Face recognition is really a series of several related problems:

• First, look at a picture and find all the faces in it
• Second, focus on each face and be able to understand that even if a face is turned in a weird direction or in bad lighting, it is still the same person.
• Third, be able to pick out unique features of the face that you can use to tell it apart from other people— like how big the eyes are, how long the face is, etc.
• Finally, compare the unique features of that face to all the people you already know to determine the person’s name.

Step 1: Finding all the Faces The first step in our pipeline is face detection.

• We need to locate the faces in a photograph before we can try to tell them apart! Face detection is a great feature for cameras. When the camera can automatically pick out faces, it can make sure that all the faces are in focus before it takes the picture. But we’ll use it for a different purpose — finding the areas of the image we want to pass on to the next step in our pipeline.
• We’re going to use a method called Histogram of Oriented Gradients — or just HOG for short. To find faces in an image, we’ll start by making our image black and white because we don’t need color data to find faces:

Step 2: Posing and Projecting Faces We isolated the faces in our image. But now we have to deal with the problem that faces turned different directions look totally different to a computer.

• To account for this, we will try to warp each picture so that the eyes and lips are always in the sample place in the image. This will make it a lot easier for us to compare faces in the next steps.
• To do this, we are going to use an algorithm called face landmark estimation. The basic idea is we will come up with 68 specific points (called landmarks) that exist on every face — the top of the chin, the outside edge of each eye, the inner edge of each eyebrow, etc. Then we will train a machine learning algorithm to be able to find these 68 specific points on any face:

Step 3: Encoding Faces Now we are to the meat of the problem — actually telling faces apart.
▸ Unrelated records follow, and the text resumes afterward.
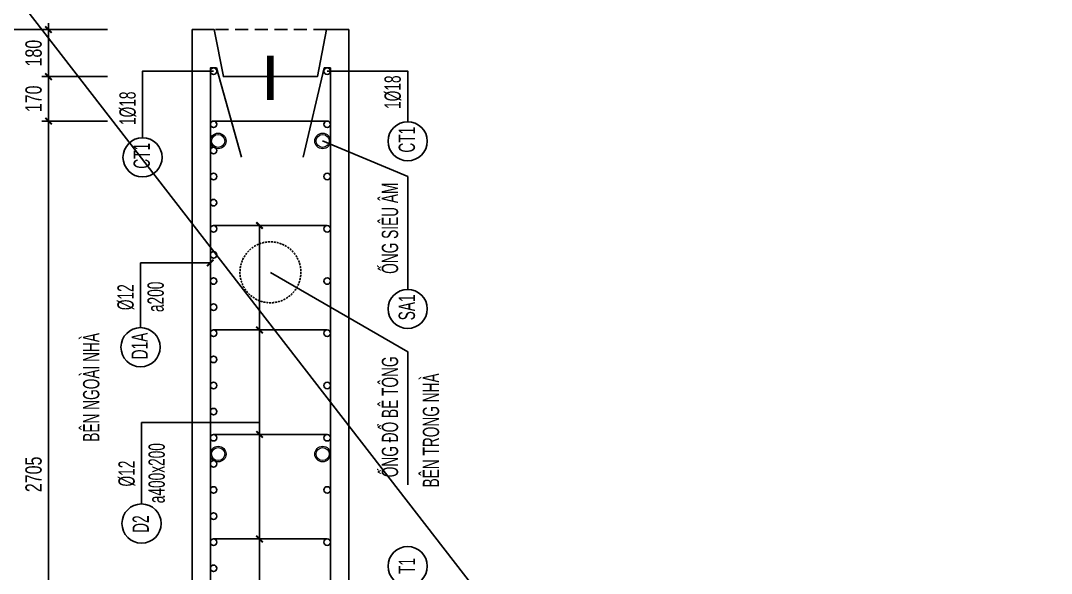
# Model space of a CAD drawing. Header units: millimetres. Extents: x -147841 to 368790, y -162721 to 84261.
# Drawn here: x 305084 to 309031, y -68699 to -66583 of the extents above; entities that cross this region are included whole.
import ezdxf
from ezdxf.enums import TextEntityAlignment as Align

# ---------------------------------------------------------------- set-up
doc = ezdxf.new("R2010")
doc.units = ezdxf.units.MM
doc.header["$LTSCALE"] = 1000
doc.header["$MEASUREMENT"] = 0
doc.header["$PDMODE"] = 1
doc.header["$PDSIZE"] = -10
doc.linetypes.add('DASHED', pattern=[0.75, 0.5, -0.25])
doc.linetypes.add('HIDDEN', pattern=[0.375, 0.25, -0.125])
doc.layers.get('0').update_dxf_attribs({"linetype": 'CONTINUOUS', "lineweight": 18})
doc.layers.get('DEFPOINTS').update_dxf_attribs({"color": 5, "linetype": 'CONTINUOUS', "lineweight": 18})
for name, color, linetype, lineweight in [('0-THAY', 7, 'CONTINUOUS', 18), ('ccu11-Dim', 8, 'CONTINUOUS', 18), ('DIM', 8, 'CONTINUOUS', 18)]:
    doc.layers.add(name, color=color, linetype=linetype, lineweight=lineweight)
for name, color, linetype in [('ccu11-Khuat', 9, 'DASHED'), ('ccu11-Manh', 8, 'CONTINUOUS'), ('ccu11-Thep', 4, 'CONTINUOUS'), ('ccu11-Thepdai', 6, 'CONTINUOUS'), ('KC-Cotthep', 8, 'CONTINUOUS'), ('KC-Dim', 8, 'CONTINUOUS'), ('KC-Text', 31, 'CONTINUOUS'), ('KC-Thay', 7, 'CONTINUOUS')]:
    doc.layers.add(name, color=color, linetype=linetype)
doc.styles.add('ARIAL', font='arial.ttf', dxfattribs={"width": 0.7})
doc.styles.add('ccu11-dim', font='vnsimli.shx', dxfattribs={"width": 0.65, "bigfont": 'bigfont.shx'})
doc.dimstyles.new('2.5-25', dxfattribs={"dimscale": 25, "dimtxt": 2.5, "dimasz": 1, "dimexe": 1, "dimexo": 2, "dimgap": 1, "dimtad": 1, "dimdec": 1, "dimrnd": 5, "dimdsep": 46, "dimtxsty": 'ARIAL', "dimblk": 'ARCHTICK', "dimcen": -1, "dimdle": 1, "dimclrd": 256, "dimclre": 256, "dimclrt": 3, "dimadec": 0, "dimazin": 2, "dimtfac": 0.1, "dimtdec": 1, "dimtmove": 0, "dimatfit": 1, "dimldrblk": 'ARCHTICK', "dimfxl": 1, "dimtvp": 0.833333, "dimtfill": 1, "dimtolj": 1, "dimtzin": 12, "dimarcsym": 0})
doc.dimstyles.new('ccu11-100x4', dxfattribs={"dimscale": 100, "dimtxt": 2.5, "dimasz": 1, "dimexe": 1, "dimexo": 2, "dimgap": 1, "dimtad": 1, "dimdec": 0, "dimlfac": 0.25, "dimdsep": 46, "dimtxsty": 'ccu11-dim', "dimblk": 'ARCHTICK', "dimcen": -1, "dimdle": 1, "dimclrd": 256, "dimclre": 256, "dimclrt": 31, "dimadec": 0, "dimazin": 2, "dimtfac": 0.1, "dimtdec": 0, "dimtmove": 0, "dimatfit": 1, "dimldrblk": 'ARCHTICK', "dimfxl": 1, "dimtvp": 0.833333, "dimtolj": 1, "dimtzin": 12, "dimarcsym": 0})

# ---------------------------------------------------------------- blocks, each defined once
blk = doc.blocks.new('_ARCHTICK')
at = {"color": 0, "linetype": 'ByBlock', "const_width": 0.3}
blk.add_lwpolyline([(-0.5, -0.5), (0.5, 0.5)], dxfattribs=at)
blk = doc.blocks.new('*D1243')
at = {"layer": 'DEFPOINTS', "color": 0, "linetype": 'ByBlock', "ltscale": 30, "transparency": 16777216}
for p in [(305190.8, -66617.1), (305466.4, -66617.1), (305466.4, -66797.1)]:
    blk.add_point(p, dxfattribs=at)
at = {"layer": 'KC-Dim', "linetype": 'ByBlock', "lineweight": -2, "ltscale": 30, "transparency": 16777216}
for p, q in [((305416.4, -66617.1), (305165.8, -66617.1)), ((305190.8, -66822.1), (305190.8, -66592.1)), ((305416.4, -66797.1), (305165.8, -66797.1))]:
    blk.add_line(p, q, dxfattribs=at)
at = {"layer": 'KC-Dim', "linetype": 'ByBlock', "lineweight": -2, "ltscale": 30, "transparency": 16777216, "xscale": 25, "yscale": 25, "zscale": 25}
for p, rotation in [((305190.8, -66617.1), 90), ((305190.8, -66797.1), 270)]:
    blk.add_blockref('_ARCHTICK', p, dxfattribs=dict(at, rotation=rotation))
at = {"layer": 'KC-Dim', "color": 3, "linetype": 'ByBlock', "ltscale": 30, "transparency": 16777216, "insert": (305133.9, -66707.1), "char_height": 62.5, "attachment_point": 5, "rotation": 90, "style": 'ARIAL', "bg_fill": 3, "box_fill_scale": 1.25, "bg_fill_color": 256, "bg_fill_true_color": 13158600, "bg_fill_transparency": 0}
blk.add_mtext('\\A1;180', dxfattribs=at)
blk = doc.blocks.new('*D1244')
at = {"layer": 'DEFPOINTS', "color": 0, "linetype": 'ByBlock', "ltscale": 30, "transparency": 16777216}
for p in [(305466.4, -66797.1), (305466.4, -66967.1)]:
    blk.add_point(p, dxfattribs=at)
at = {"layer": 'KC-Dim', "linetype": 'ByBlock', "lineweight": -2, "ltscale": 30, "transparency": 16777216}
for p, q in [((305190.8, -66772.1), (305190.8, -66992.1)), ((305416.4, -66797.1), (305165.8, -66797.1)), ((305416.4, -66967.1), (305165.8, -66967.1))]:
    blk.add_line(p, q, dxfattribs=at)
at = {"layer": 'KC-Dim', "linetype": 'ByBlock', "lineweight": -2, "ltscale": 30, "transparency": 16777216, "xscale": 25, "yscale": 25, "zscale": 25}
for p, rotation in [((305190.8, -66797.1), 90), ((305190.8, -66967.1), 270)]:
    blk.add_blockref('_ARCHTICK', p, dxfattribs=dict(at, rotation=rotation))
at = {"layer": 'KC-Dim', "color": 3, "linetype": 'ByBlock', "ltscale": 30, "transparency": 16777216, "insert": (305133.9, -66882.1), "char_height": 62.5, "attachment_point": 5, "rotation": 90, "style": 'ARIAL', "bg_fill": 3, "box_fill_scale": 1.25, "bg_fill_color": 256, "bg_fill_true_color": 13158600, "bg_fill_transparency": 0}
blk.add_mtext('\\A1;170', dxfattribs=at)
at = {"layer": 'DEFPOINTS', "color": 0, "linetype": 'ByBlock', "ltscale": 30, "transparency": 16777216}
blk.add_point((305190.8, -66967.1), dxfattribs=at)
blk = doc.blocks.new('*D1249')
at = {"layer": 'DEFPOINTS', "color": 0, "linetype": 'ByBlock', "ltscale": 30, "transparency": 16777216}
for p in [(305439.4, -66967.1), (305190.8, -69672.6), (305439.4, -69672.6)]:
    blk.add_point(p, dxfattribs=at)
at = {"layer": 'KC-Dim', "linetype": 'ByBlock', "lineweight": -2, "ltscale": 30, "transparency": 16777216}
for p, q in [((305389.4, -66967.1), (305165.8, -66967.1)), ((305190.8, -66942.1), (305190.8, -69697.6)), ((305389.4, -69672.6), (305165.8, -69672.6))]:
    blk.add_line(p, q, dxfattribs=at)
at = {"layer": 'KC-Dim', "linetype": 'ByBlock', "lineweight": -2, "ltscale": 30, "transparency": 16777216, "xscale": 25, "yscale": 25, "zscale": 25}
for p, rotation in [((305190.8, -66967.1), 90), ((305190.8, -69672.6), 270)]:
    blk.add_blockref('_ARCHTICK', p, dxfattribs=dict(at, rotation=rotation))
at = {"layer": 'KC-Dim', "color": 3, "linetype": 'ByBlock', "ltscale": 30, "transparency": 16777216, "insert": (305133.9, -68319.9), "char_height": 62.5, "attachment_point": 5, "rotation": 90, "style": 'ARIAL', "bg_fill": 3, "box_fill_scale": 1.25, "bg_fill_color": 256, "bg_fill_true_color": 13158600, "bg_fill_transparency": 0}
blk.add_mtext('\\A1;2705', dxfattribs=at)
blk = doc.blocks.new('*D1250')
at = {"layer": 'DEFPOINTS', "color": 0, "ltscale": 3000, "transparency": 16777216}
for p in [(305439.4, -66617.1), (304992.2, -70272.6), (305439.4, -70272.6)]:
    blk.add_point(p, dxfattribs=at)
at = {"layer": 'DIM', "lineweight": -2, "ltscale": 3000, "transparency": 16777216}
for p, q in [((305389.4, -66617.1), (304967.2, -66617.1)), ((304992.2, -66592.1), (304992.2, -70297.6)), ((305389.4, -70272.6), (304967.2, -70272.6))]:
    blk.add_line(p, q, dxfattribs=at)
at = {"layer": 'DIM', "lineweight": -2, "ltscale": 3000, "transparency": 16777216, "xscale": 25, "yscale": 25, "zscale": 25}
for p, rotation in [((304992.2, -66617.1), 90), ((304992.2, -70272.6), 270)]:
    blk.add_blockref('_ARCHTICK', p, dxfattribs=dict(at, rotation=rotation))
at = {"layer": 'DIM', "color": 3, "ltscale": 3000, "transparency": 16777216, "insert": (304935.3, -68444.9), "char_height": 62.5, "attachment_point": 5, "rotation": 90, "style": 'ARIAL', "bg_fill": 3, "box_fill_scale": 1.25, "bg_fill_color": 256, "bg_fill_true_color": 13158600, "bg_fill_transparency": 0}
blk.add_mtext('\\A1;3655', dxfattribs=at)
blk = doc.blocks.new('A$C260038B3')
at = {"layer": '0-THAY', "linetype": 'Continuous'}
for radius in [120, 100]:
    blk.add_circle((0, 0), radius, dxfattribs=at)
blk = doc.blocks.new('att_thep_2')
blk.add_circle((-300, 0), 300)
at = {"color": 3, "style": 'ARIAL', "width": 0.6}
blk.add_attdef('DK', text='', height=250, dxfattribs=at).set_placement((467, 105), align=Align.CENTER)
at = {"color": 31, "style": 'ARIAL', "width": 0.6}
blk.add_attdef('SH', text='', height=250, dxfattribs=at).set_placement((-281, -111), align=Align.CENTER)
at = {"color": 2, "style": 'ARIAL', "width": 0.6}
blk.add_attdef('KC', text='', height=250, dxfattribs=at).set_placement((472, -355), align=Align.CENTER)

msp = doc.modelspace()

# ---------------------------------------------------------------- linework, layer by layer
at = {"layer": 'ccu11-Khuat', "ltscale": 0.1}
msp.add_line((306255.59, -66617.11), (305825.59, -66617.11), dxfattribs=at)
at = {"layer": 'ccu11-Manh', "ltscale": 10, "flags": 128}
for points in [[(305823.09, -66775.98), (305551.07, -66775.98), (305551.07, -67031.1)], [(306258.09, -66775.9), (306566.17, -66775.9), (306566.17, -66969.52)], [(306240.59, -67043.31), (306566.17, -67179.61), (306566.17, -67611.45)], [(306040.59, -67546.35), (306566.17, -67850.45), (306566.17, -68359.8)]]:
    msp.add_lwpolyline(points, dxfattribs=at)
at = {"layer": 'ccu11-Manh', "ltscale": 3000}
msp.add_lwpolyline([(305998.88, -69367.11), (305998.88, -67367.11), (305998.88, -67367.11)], dxfattribs=at)
at = {"layer": 'ccu11-Thep', "const_width": 25}
msp.add_lwpolyline([(306040.59, -66887.11), (306040.59, -66717.11)], dxfattribs=at)
at = {"layer": 'ccu11-Thep'}
for centre in [(305823.09, -66775.98), (306258.09, -66775.9), (305823.09, -66979.61), (306258.09, -66979.61), (305823.09, -67079.61), (305823.09, -67179.61), (306258.09, -67179.61), (305823.09, -67279.61), (305823.09, -67379.61), (306258.09, -67379.61), (305823.09, -67479.61), (305823.09, -67579.61), (306258.09, -67579.61), (305823.09, -67679.61), (305823.09, -67779.61), (306258.09, -67779.61), (305823.09, -67879.61), (305823.09, -67979.61), (306258.09, -67979.61), (305823.09, -68079.61), (305823.09, -68179.61), (306258.09, -68179.61), (305823.09, -68279.61), (305823.09, -68379.61), (306258.09, -68379.61), (305823.09, -68479.61), (305823.09, -68579.61), (306258.09, -68579.61), (305823.09, -68679.61)]:
    msp.add_circle(centre, 12.5, dxfattribs=at)
at = {"layer": 'ccu11-Thep', "linetype": 'HIDDEN', "ltscale": 0.03}
msp.add_circle((306040.59, -67546.35, 242.3), 116.6, dxfattribs=at)
at = {"layer": 'ccu11-Thepdai', "flags": 128}
for points in [[(305810.59, -66998.16), (305810.59, -66763.48), (305834.03, -66763.48), (305930.18, -67104.86)], [(306270.59, -66998.16), (306270.59, -66763.4), (306246.42, -66763.4), (306166.39, -67104.86)]]:
    msp.add_lwpolyline(points, dxfattribs=at)
at = {"layer": 'ccu11-Thepdai'}
msp.add_lwpolyline([(305810.59, -66979.61), (305810.59, -69660.15, 0.4142136), (305823.09, -69672.65), (306258.09, -69672.65, 0.4142136), (306270.59, -69660.15), (306270.59, -66979.61, 0.4142136), (306258.09, -66967.11), (305823.09, -66967.11, 0.4142136)], format="xyb", close=True, dxfattribs=at)
at = {"layer": 'ccu11-Thepdai', "flags": 128}
for points in [[(306270.59, -67467.11), (306270.59, -67379.61, 0.4142136), (306258.09, -67367.11), (305926.16, -67367.11), (305823.09, -67367.11, 0.4142136), (305810.59, -67379.61), (305810.59, -67467.11)], [(306270.59, -67867.11), (306270.59, -67779.61, 0.4142136), (306258.09, -67767.11), (305926.16, -67767.11), (305823.09, -67767.11, 0.4142136), (305810.59, -67779.61), (305810.59, -67867.11)], [(306270.59, -68267.11), (306270.59, -68179.61, 0.4142136), (306258.09, -68167.11), (305926.16, -68167.11), (305823.09, -68167.11, 0.4142136), (305810.59, -68179.61), (305810.59, -68267.11)], [(306270.59, -68667.11), (306270.59, -68579.61, 0.4142136), (306258.09, -68567.11), (305926.16, -68567.11), (305823.09, -68567.11, 0.4142136), (305810.59, -68579.61), (305810.59, -68667.11)]]:
    msp.add_lwpolyline(points, format="xyb", dxfattribs=at)
at = {"layer": 'KC-Thay', "flags": 128}
msp.add_lwpolyline([(305740.59, -66617.11), (305740.59, -70272.65), (308540.59, -70272.65), (308540.59, -70187.65), (308360.59, -70152.65), (308360.59, -69792.65), (308540.59, -69757.65), (308540.59, -69672.65), (306340.59, -69672.65), (306340.59, -66617.11), (306255.59, -66617.11), (306220.59, -66797.11), (305860.59, -66797.11), (305825.59, -66617.11), (305740.59, -66617.11)], dxfattribs=at)

# ---------------------------------------------------------------- block references
at = {"layer": 'ccu11-Dim', "ltscale": 3000, "xscale": 0.25, "yscale": 0.25, "zscale": 0.25, "rotation": 270}
for p in [(305840.59, -67043.31), (306240.59, -67043.31), (305840.59, -68242.3), (306240.59, -68242.3)]:
    msp.add_blockref('A$C260038B3', p, dxfattribs=at)
at = {"layer": 'ccu11-Manh', "ltscale": 3000, "xscale": 25, "yscale": 25, "zscale": 25, "rotation": 270}
for p in [(305998.88, -67367.11), (305998.88, -67767.11), (305998.88, -68167.11), (305998.88, -68567.11)]:
    msp.add_blockref('_ARCHTICK', p, dxfattribs=at)
at = {"layer": 'KC-Cotthep'}
ref = msp.add_blockref('att_thep_2', (306566.17, -66969.52), dxfattribs=dict(at, xscale=0.25, yscale=0.25, zscale=0.25, rotation=90))
ref.add_attrib('DK', '1%%C18', dxfattribs={"layer": '0', "color": 15, "height": 62.5, "rotation": 90, "style": 'ARIAL', "width": 0.6}).set_placement((306539.81, -66856.66), align=Align.CENTER)
ref.add_attrib('SH', 'CT1', dxfattribs={"layer": '0', "color": 31, "height": 62.5, "rotation": 90, "style": 'ARIAL', "width": 0.6}).set_placement((306594.04, -67038.54), align=Align.CENTER)
ref = msp.add_blockref('att_thep_2', (306566.17, -67611.45), dxfattribs=dict(at, xscale=0.25, yscale=0.25, zscale=0.25, rotation=90))
ref.add_attrib('SH', 'SA1', dxfattribs={"layer": '0', "color": 31, "height": 62.5, "rotation": 90, "style": 'ARIAL', "width": 0.6}).set_placement((306594.04, -67680.47), align=Align.CENTER)
ref = msp.add_blockref('att_thep_2', (306566.17, -68746.34), dxfattribs=dict(at, xscale=-0.25, yscale=0.25, zscale=0.25, rotation=90))
ref.add_attrib('KC', 'a200', dxfattribs={"layer": '0', "color": 2, "height": 62.5, "rotation": 90, "style": 'ARIAL', "width": 0.6}).set_placement((306654.99, -68863.69), align=Align.CENTER)
ref.add_attrib('DK', '%%C22', dxfattribs={"layer": '0', "color": 2, "height": 62.5, "rotation": 90, "style": 'ARIAL', "width": 0.6}).set_placement((306539.81, -68862.6), align=Align.CENTER)
ref.add_attrib('SH', 'T1', dxfattribs={"layer": '0', "color": 31, "height": 62.5, "rotation": 90, "style": 'ARIAL', "width": 0.6}).set_placement((306594.04, -68670.31), align=Align.CENTER)

# ---------------------------------------------------------------- texts
at = {"layer": 'KC-Cotthep', "style": 'ARIAL', "width": 0.6}
msp.add_text('ỐNG SIÊU ÂM', height=62.5, rotation=90, dxfattribs=at).set_placement((306529.53, -67377.49), align=Align.CENTER)
at = {"layer": 'KC-Text', "color": 1, "style": 'ARIAL', "width": 0.6}
for s, p in [('BÊN NGOÀI NHÀ', (305385.57, -67986.77)), ('ỐNG ĐỔ BÊ TÔNG', (306529.53, -68099.67)), ('BÊN TRONG NHÀ', (306686.59, -68151.62))]:
    msp.add_text(s, height=62.5, rotation=90, dxfattribs=at).set_placement(p, align=Align.CENTER)

# ---------------------------------------------------------------- dimensions: what is measured, and where the dimension line sits
at = {"layer": 'KC-Dim', "linetype": 'ByBlock', "ltscale": 30}
dim = msp.add_linear_dim(base=(305190.79, -66617.11), p1=(305466.42, -66797.11), p2=(305466.42, -66617.11), angle=90, dimstyle='2.5-25', dxfattribs=at)
dim.commit()
dim.dimension.update_dxf_attribs({"geometry": '*D1243', "text_midpoint": (305190.79, -66707.11), "dimtype": 160})

# ---------------------------------------------------------------- leaders
at = {"layer": 'ccu11-Manh', "ltscale": 10}
msp.add_leader([(305998.88, -68121.61), (305547.21, -68121.61), (305547.21, -68433.27)], dimstyle='ccu11-100x4', override={"dimgap": 1, "dimtad": 0, "dimldrblk": 'None'}, dxfattribs=at)
at = {"layer": 'KC-Dim', "linetype": 'ByBlock', "ltscale": 30}
msp.add_leader([(305810.59, -67510.29), (305543.3, -67510.29), (305543.3, -67758.18)], dimstyle='2.5-25', dxfattribs=at)

# ---------------------------------------------------------------- next in the draw order: dimensions: what is measured, and where the dimension line sits
dim = msp.add_linear_dim(base=(305190.79, -66967.11), p1=(305466.42, -66797.11), p2=(305466.42, -66967.11), angle=270, dimstyle='2.5-25', dxfattribs=at)
dim.commit()
dim.dimension.update_dxf_attribs({"geometry": '*D1244', "text_midpoint": (305190.79, -66882.11), "dimtype": 160})

# ---------------------------------------------------------------- next in the draw order: block references
at = {"layer": 'KC-Cotthep'}
ref = msp.add_blockref('att_thep_2', (305551.07, -67031.1), dxfattribs=dict(at, xscale=0.25, yscale=0.25, zscale=0.25, rotation=90))
ref.add_attrib('DK', '1%%C18', dxfattribs={"layer": '0', "color": 15, "height": 62.5, "rotation": 90, "style": 'ARIAL', "width": 0.6}).set_placement((305524.71, -66918.23), align=Align.CENTER)
ref.add_attrib('SH', 'CT1', dxfattribs={"layer": '0', "color": 31, "height": 62.5, "rotation": 90, "style": 'ARIAL', "width": 0.6}).set_placement((305578.94, -67100.12), align=Align.CENTER)

# ---------------------------------------------------------------- next in the draw order: dimensions: what is measured, and where the dimension line sits
at = {"layer": 'KC-Dim', "linetype": 'ByBlock', "ltscale": 30}
dim = msp.add_linear_dim(base=(305190.79, -69672.65), p1=(305439.4, -66967.11), p2=(305439.4, -69672.65), angle=270, dimstyle='2.5-25', dxfattribs=at)
dim.commit()
dim.dimension.update_dxf_attribs({"geometry": '*D1249', "text_midpoint": (305133.88, -68319.88)})

# ---------------------------------------------------------------- next in the draw order: dimensions: what is measured, and where the dimension line sits
at = {"layer": 'DIM', "ltscale": 3000}
dim = msp.add_linear_dim(base=(304992.24, -70272.65), p1=(305439.4, -66617.11), p2=(305439.4, -70272.65), angle=270, dimstyle='2.5-25', dxfattribs=at)
dim.commit()
dim.dimension.update_dxf_attribs({"geometry": '*D1250', "text_midpoint": (304935.31, -68444.88)})

# ---------------------------------------------------------------- next in the draw order: linework, layer by layer
at = {"layer": 'KC-Thay', "ltscale": 3000}
msp.add_line((313988.27, -78006.54), (303106.89, -63958.49), dxfattribs=at)

# ---------------------------------------------------------------- next in the draw order: block references
at = {"layer": 'KC-Cotthep'}
ref = msp.add_blockref('att_thep_2', (305543.3, -67758.18), dxfattribs=dict(at, xscale=0.25, yscale=0.25, zscale=0.25, rotation=90))
ref.add_attrib('KC', 'a200', dxfattribs={"layer": '0', "color": 2, "height": 62.5, "rotation": 90, "style": 'ARIAL', "width": 0.6}).set_placement((305632.12, -67640.21), align=Align.CENTER)
ref.add_attrib('DK', '%%C12', dxfattribs={"layer": '0', "color": 215, "height": 62.5, "rotation": 90, "style": 'ARIAL', "width": 0.6}).set_placement((305516.95, -67641.53), align=Align.CENTER)
ref.add_attrib('SH', 'D1A', dxfattribs={"layer": '0', "color": 31, "height": 62.5, "rotation": 90, "style": 'ARIAL', "width": 0.6}).set_placement((305571.17, -67828.42), align=Align.CENTER)
ref = msp.add_blockref('att_thep_2', (305547.21, -68433.27), dxfattribs=dict(at, xscale=0.25, yscale=0.25, zscale=0.25, rotation=90))
ref.add_attrib('KC', 'a400x200', dxfattribs={"layer": '0', "color": 2, "height": 62.5, "rotation": 90, "style": 'ARIAL', "width": 0.6}).set_placement((305636.04, -68315.3), align=Align.CENTER)
ref.add_attrib('DK', '%%C12', dxfattribs={"layer": '0', "color": 215, "height": 62.5, "rotation": 90, "style": 'ARIAL', "width": 0.6}).set_placement((305520.86, -68316.87), align=Align.CENTER)
ref.add_attrib('SH', 'D2', dxfattribs={"layer": '0', "color": 31, "height": 62.5, "rotation": 90, "style": 'ARIAL', "width": 0.6}).set_placement((305575.08, -68510.37), align=Align.CENTER)

doc.saveas('drawing.dxf')

• The simplest approach to face recognition is to directly compare the unknown face we found in Step 2 with all the pictures we have of people that have already been tagged. When we find a previously tagged face that looks very similar to our unknown face, it must be the same person.
• What we need is a way to extract a few basic measurements from each face. Then we could measure our unknown face the same way and find the known face with the closest measurements. For example, we might measure the size of each ear, the spacing between the eyes, the length of the nose, etc.

Step 4: Finding the person’s name from the encoding This last step is actually the easiest step in the whole process. All we have to do is find the person in our database of known people who has the closest measurements to our test image.

• You can do that by using any basic machine learning classification algorithm. No fancy deep learning tricks are needed. We’ll use a simple linear SVM classifier, but lots of classification algorithms could work.
• All we need to do is train a classifier that can take in the measurements from a new test image and tells which known person is the closest match. Running this classifier takes milliseconds. The result of the classifier is the name of the person!